Table above used the first of the composite keys and works fine.

create table production(
productionBatchID VARCHAR(4) NOT NULL,
finishedMaterialID VARCHAR(4) NOT NULL,
rawMaterialID VARCHAR(4) NOT NULL,
productionDate VARCHAR(15),
rawMatBatchID VARCHAR(4),
initialWeight INT(5),
beforeWeight INT(5),
afterWeight INT(5),
finalWeight INT(5),
packingWeight INT(5),
noOfUnits INT(5),
wastage INT(5),
CONSTRAINT PRIMARY KEY (productionBatchID),
CONSTRAINT FOREIGN KEY (finishedMaterialID) REFERENCES finishedMaterials(finishedMaterialID),
CONSTRAINT FOREIGN KEY (rawMaterialID) REFERENCES rawMaterials(rawMaterialID),
CONSTRAINT FOREIGN KEY (rawMatBatchID) REFERENCES stocks(rawMatBatchID))ENGINE=INNODB;

But in the table above, which uses the 2nd composite primary as a foreign key, it gives out the error.
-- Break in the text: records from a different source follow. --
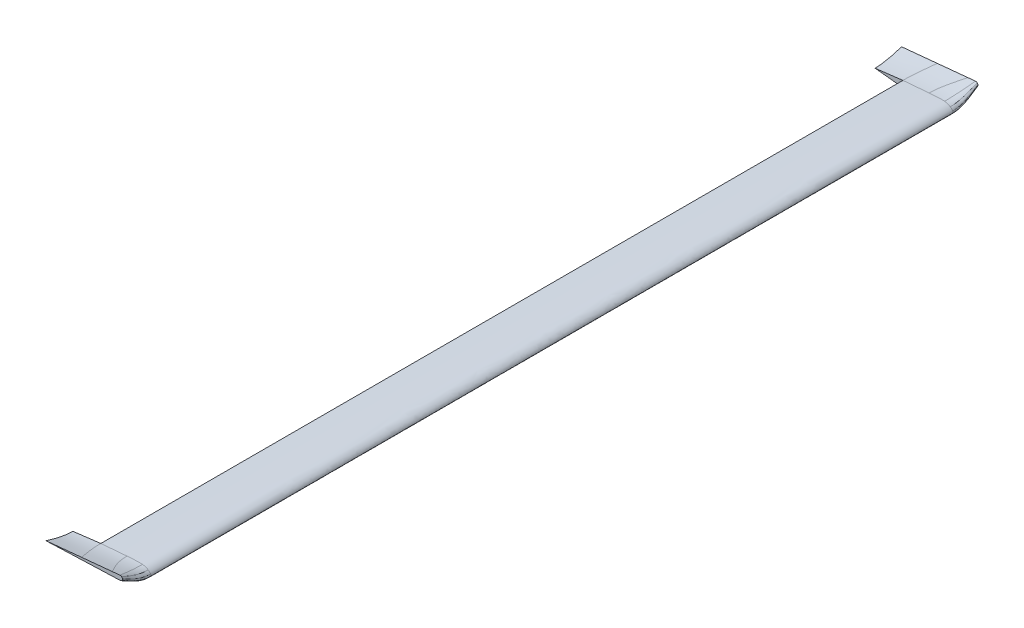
ISO-10303-21;
HEADER;
FILE_DESCRIPTION(('STEP AP214'),'2;1');
FILE_NAME('part.step','',(''),(''),'','','');
FILE_SCHEMA(('AUTOMOTIVE_DESIGN { 1 0 10303 214 1 1 1 1 }'));
ENDSEC;
DATA;
#1=APPLICATION_CONTEXT('core data for automotive mechanical design processes');
#2=APPLICATION_PROTOCOL_DEFINITION('international standard','automotive_design',2000,#1);
#3=PRODUCT_CONTEXT('',#1,'mechanical');
#4=PRODUCT('Part','Part','',(#3));
#5=PRODUCT_RELATED_PRODUCT_CATEGORY('part','',(#4));
#6=PRODUCT_DEFINITION_FORMATION('','',#4);
#7=PRODUCT_DEFINITION_CONTEXT('part definition',#1,'design');
#8=PRODUCT_DEFINITION('design','',#6,#7);
#9=PRODUCT_DEFINITION_SHAPE('','',#8);
#10=(LENGTH_UNIT() NAMED_UNIT(*) SI_UNIT(.MILLI.,.METRE.));
#11=(NAMED_UNIT(*) PLANE_ANGLE_UNIT() SI_UNIT($,.RADIAN.));
#12=(NAMED_UNIT(*) SI_UNIT($,.STERADIAN.) SOLID_ANGLE_UNIT());
#13=UNCERTAINTY_MEASURE_WITH_UNIT(LENGTH_MEASURE(1.E-05),#10,'distance_accuracy_value','');
#14=(GEOMETRIC_REPRESENTATION_CONTEXT(3) GLOBAL_UNCERTAINTY_ASSIGNED_CONTEXT((#13)) GLOBAL_UNIT_ASSIGNED_CONTEXT((#10,
#11,#12)) REPRESENTATION_CONTEXT('',''));
#15=CARTESIAN_POINT('',(0.,0.,0.));
#16=DIRECTION('',(0.,0.,1.));
#17=DIRECTION('',(1.,0.,0.));
#18=AXIS2_PLACEMENT_3D('',#15,#16,#17);
#19=CARTESIAN_POINT('',(-19.304,38.1,4572.));
#20=CARTESIAN_POINT('',(48.3135842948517,44.2172605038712,4572.));
#21=CARTESIAN_POINT('',(138.801296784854,52.4035468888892,4572.));
#22=CARTESIAN_POINT('',(240.503855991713,56.4350567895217,4572.));
#23=CARTESIAN_POINT('',(273.999068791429,21.214910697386,4572.));
#24=CARTESIAN_POINT('',(245.824782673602,0.918728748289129,4572.));
#25=CARTESIAN_POINT('',(158.273229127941,-2.3649222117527,4572.));
#26=CARTESIAN_POINT('',(74.650875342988,-1.11543508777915,4572.));
#27=CARTESIAN_POINT('',(0.,0.,4572.));
#28=B_SPLINE_CURVE_WITH_KNOTS('',3,(#19,#20,#21,#22,#23,#24,#25,#26,#27),.UNSPECIFIED.,.F.,.F.,
(4,1,1,1,1,1,4),(0.,0.360799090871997,0.482831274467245,0.518975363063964,0.567931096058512,
0.614285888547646,1.),.UNSPECIFIED.);
#29=DIRECTION('',(0.,0.,-1.));
#30=VECTOR('',#29,1.);
#31=SURFACE_OF_LINEAR_EXTRUSION('',#28,#30);
#32=DIRECTION('',(0.,0.,-1.));
#33=VECTOR('',#32,1.);
#34=CARTESIAN_POINT('',(127.,-1.2877125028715,4572.));
#35=LINE('',#34,#33);
#36=CARTESIAN_POINT('',(127.,-1.28771250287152,2516.1832475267));
#37=VERTEX_POINT('',#36);
#38=CARTESIAN_POINT('',(127.,-1.2877125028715,2563.8167524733));
#39=VERTEX_POINT('',#38);
#40=EDGE_CURVE('E632',#37,#39,#35,.F.);
#41=ORIENTED_EDGE('',*,*,#40,.T.);
#42=CARTESIAN_POINT('',(127.,-1.2877125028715,2563.8167524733));
#43=CARTESIAN_POINT('',(128.058333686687,-1.28810652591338,2563.81663810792));
#44=CARTESIAN_POINT('',(129.116667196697,-1.28809231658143,2563.81664223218));
#45=CARTESIAN_POINT('',(131.233333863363,-1.28724743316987,2563.81688746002));
#46=CARTESIAN_POINT('',(132.29166702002,-1.28641675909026,2563.81712856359));
#47=CARTESIAN_POINT('',(133.35,-1.28517785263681,2563.81748815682));
#48=B_SPLINE_CURVE_WITH_KNOTS('',3,(#42,#43,#44,#45,#46,#47),.UNSPECIFIED.,.F.,.F.,(4,2,4),(0.,
3.17500053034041,6.35000106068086),.UNSPECIFIED.);
#49=CARTESIAN_POINT('',(133.35,-1.28517785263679,2563.81748815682));
#50=VERTEX_POINT('',#49);
#51=EDGE_CURVE('E634',#39,#50,#48,.T.);
#52=ORIENTED_EDGE('',*,*,#51,.T.);
#53=DIRECTION('',(0.,0.,-1.));
#54=VECTOR('',#53,1.);
#55=CARTESIAN_POINT('',(133.35,-1.28517785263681,4572.));
#56=LINE('',#55,#54);
#57=CARTESIAN_POINT('',(133.35,-1.28517785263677,2516.18251184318));
#58=VERTEX_POINT('',#57);
#59=EDGE_CURVE('E640',#58,#50,#56,.F.);
#60=ORIENTED_EDGE('',*,*,#59,.F.);
#61=CARTESIAN_POINT('',(127.,-1.28771250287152,2516.1832475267));
#62=CARTESIAN_POINT('',(128.058333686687,-1.28810652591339,2516.18336189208));
#63=CARTESIAN_POINT('',(129.116667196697,-1.28809231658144,2516.18335776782));
#64=CARTESIAN_POINT('',(131.233333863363,-1.28724743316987,2516.18311253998));
#65=CARTESIAN_POINT('',(132.29166702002,-1.28641675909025,2516.18287143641));
#66=CARTESIAN_POINT('',(133.35,-1.28517785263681,2516.18251184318));
#67=B_SPLINE_CURVE_WITH_KNOTS('',3,(#61,#62,#63,#64,#65,#66),.UNSPECIFIED.,.F.,.F.,(4,2,4),(0.,
3.17500053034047,6.35000106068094),.UNSPECIFIED.);
#68=EDGE_CURVE('E491',#37,#58,#67,.T.);
#69=ORIENTED_EDGE('',*,*,#68,.F.);
#70=EDGE_LOOP('',(#41,#52,#60,#69));
#71=FACE_BOUND('',#70,.T.);
#72=CARTESIAN_POINT('',(-19.304,38.1,0.));
#73=CARTESIAN_POINT('',(48.3135842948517,44.2172605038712,0.));
#74=CARTESIAN_POINT('',(138.801296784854,52.4035468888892,0.));
#75=CARTESIAN_POINT('',(240.503855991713,56.4350567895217,0.));
#76=CARTESIAN_POINT('',(273.999068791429,21.214910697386,0.));
#77=CARTESIAN_POINT('',(245.824782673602,0.918728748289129,0.));
#78=CARTESIAN_POINT('',(158.273229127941,-2.3649222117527,0.));
#79=CARTESIAN_POINT('',(74.650875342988,-1.11543508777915,0.));
#80=CARTESIAN_POINT('',(0.,0.,0.));
#81=B_SPLINE_CURVE_WITH_KNOTS('',3,(#72,#73,#74,#75,#76,#77,#78,#79,#80),.UNSPECIFIED.,.F.,.F.,
(4,1,1,1,1,1,4),(0.,0.360799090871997,0.482831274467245,0.518975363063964,0.567931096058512,
0.614285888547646,1.),.UNSPECIFIED.);
#82=CARTESIAN_POINT('',(-19.304,38.1,0.));
#83=VERTEX_POINT('',#82);
#84=CARTESIAN_POINT('',(130.271375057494,50.5747270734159,0.));
#85=VERTEX_POINT('',#84);
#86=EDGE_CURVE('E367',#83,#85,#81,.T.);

How to fix this? These are the last three tables. All the other referred tables are created. I didn't post all the tables here, too long. When I remove "CONSTRAINT FOREIGN KEY (rawMatBatchID) REFERENCES stocks(rawMatBatchID)" from the last table and add the table it gets added. But not with the referral to the 2nd composite key...

¿Fue útil?

Solución

Table stocks does not have 2 primary keys. It has one and only one. It is a composite key, made from 2 parts: (finishedGoodsBatchID, rawMatBatchID).

If you want to have FOREIGN KEY constraints that reference a table, you should reference a primary key (or a unique key) of that table. The whole of it. So, in this case the whole composite primary key of stocks and not a part of it.

That makes the foreign key from transport wrong, too. MySQL allows it but you will have problems if you leave it like this. A foreign key should be able to somehow identify rows in the parent table but (finishedGoodsBatchID) cannot (identify rows) alone.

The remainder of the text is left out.